Joseph C DiNardo MS, Craig A Downs PhD

According to the Food and Drug Administration, the current scientific literature does not support the safety of organic sunscreen actives currently approved for use in the United States. Furthermore, the International Agency for Research on Cancer cannot find definitive proof that sunscreens prevent skin cancers. The concept that sunscreens prevent skin cancer is predicated on the observation that they inhibit the occurrence of sunburn and that one or two blistering sunburns can lead to skin cancer. Although the latter part of this statement may be true, the prevention statement is not and questions the efficaciousness of current sunscreen technologies in preventing melanoma and carcinomas period. We posit the thesis that current sunscreen technologies fail to protect against the threat of skin cancers when applied in common-occurrence situation(s).
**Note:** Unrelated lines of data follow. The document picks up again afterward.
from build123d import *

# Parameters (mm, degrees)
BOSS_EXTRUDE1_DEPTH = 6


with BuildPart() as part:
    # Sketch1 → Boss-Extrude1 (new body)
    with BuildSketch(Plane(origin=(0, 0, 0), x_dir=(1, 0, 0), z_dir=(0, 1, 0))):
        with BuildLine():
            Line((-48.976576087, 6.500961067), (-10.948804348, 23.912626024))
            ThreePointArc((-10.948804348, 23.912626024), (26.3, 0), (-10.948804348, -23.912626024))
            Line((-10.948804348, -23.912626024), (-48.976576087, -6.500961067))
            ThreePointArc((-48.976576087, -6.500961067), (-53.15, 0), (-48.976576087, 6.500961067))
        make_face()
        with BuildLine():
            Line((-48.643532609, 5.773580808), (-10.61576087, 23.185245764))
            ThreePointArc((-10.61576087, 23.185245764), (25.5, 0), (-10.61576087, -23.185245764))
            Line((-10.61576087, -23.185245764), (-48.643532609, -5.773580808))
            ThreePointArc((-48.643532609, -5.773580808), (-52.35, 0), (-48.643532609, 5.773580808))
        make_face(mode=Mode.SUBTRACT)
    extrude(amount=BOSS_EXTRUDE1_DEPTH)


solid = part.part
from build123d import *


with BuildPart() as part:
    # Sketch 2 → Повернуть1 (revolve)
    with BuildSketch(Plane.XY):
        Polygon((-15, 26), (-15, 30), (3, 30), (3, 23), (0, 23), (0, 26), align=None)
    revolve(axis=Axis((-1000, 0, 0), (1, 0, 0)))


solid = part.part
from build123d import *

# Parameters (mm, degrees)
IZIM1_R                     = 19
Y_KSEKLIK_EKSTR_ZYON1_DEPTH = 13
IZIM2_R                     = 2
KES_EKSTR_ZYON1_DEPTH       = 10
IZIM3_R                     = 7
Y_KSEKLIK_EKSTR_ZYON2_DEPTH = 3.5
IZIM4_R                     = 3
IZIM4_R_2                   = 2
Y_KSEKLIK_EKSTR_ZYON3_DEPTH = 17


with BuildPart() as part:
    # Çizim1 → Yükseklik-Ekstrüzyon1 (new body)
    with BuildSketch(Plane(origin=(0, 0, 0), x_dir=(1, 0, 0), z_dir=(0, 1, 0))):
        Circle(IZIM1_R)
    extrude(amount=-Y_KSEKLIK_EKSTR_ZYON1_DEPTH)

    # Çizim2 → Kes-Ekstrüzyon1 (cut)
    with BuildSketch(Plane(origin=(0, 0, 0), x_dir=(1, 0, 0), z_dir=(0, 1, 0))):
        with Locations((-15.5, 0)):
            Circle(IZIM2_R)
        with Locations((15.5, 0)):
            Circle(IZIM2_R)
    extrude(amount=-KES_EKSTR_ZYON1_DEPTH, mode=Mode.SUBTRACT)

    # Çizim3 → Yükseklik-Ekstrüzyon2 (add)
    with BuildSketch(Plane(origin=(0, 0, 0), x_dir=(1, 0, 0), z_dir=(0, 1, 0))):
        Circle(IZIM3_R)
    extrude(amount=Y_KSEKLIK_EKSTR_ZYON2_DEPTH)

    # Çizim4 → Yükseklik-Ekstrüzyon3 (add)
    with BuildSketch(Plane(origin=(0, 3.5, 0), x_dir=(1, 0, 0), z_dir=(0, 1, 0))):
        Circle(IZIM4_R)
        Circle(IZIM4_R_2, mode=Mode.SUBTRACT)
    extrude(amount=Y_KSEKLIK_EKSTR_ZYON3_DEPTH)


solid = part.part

Therefore, before any local or global regulatory body approves old or new actives for human use, it is essential that 1) sunscreen actives demonstrate that they have the ability, alone or in combination, to sufficiently absorb/ block the entire ultraviolet spectrum, 2) validated models based on demonstrated toxicologic and exposure-delivery principles need to be developed to evaluate a product’s efficacy to inhibit keratinocyte cancers or melanoma, and 3) safety testing as outlined in the Food and Drug Administration’s Sunscreen Innovation Act of 2014 or similar tenets must be completed to assure human safety.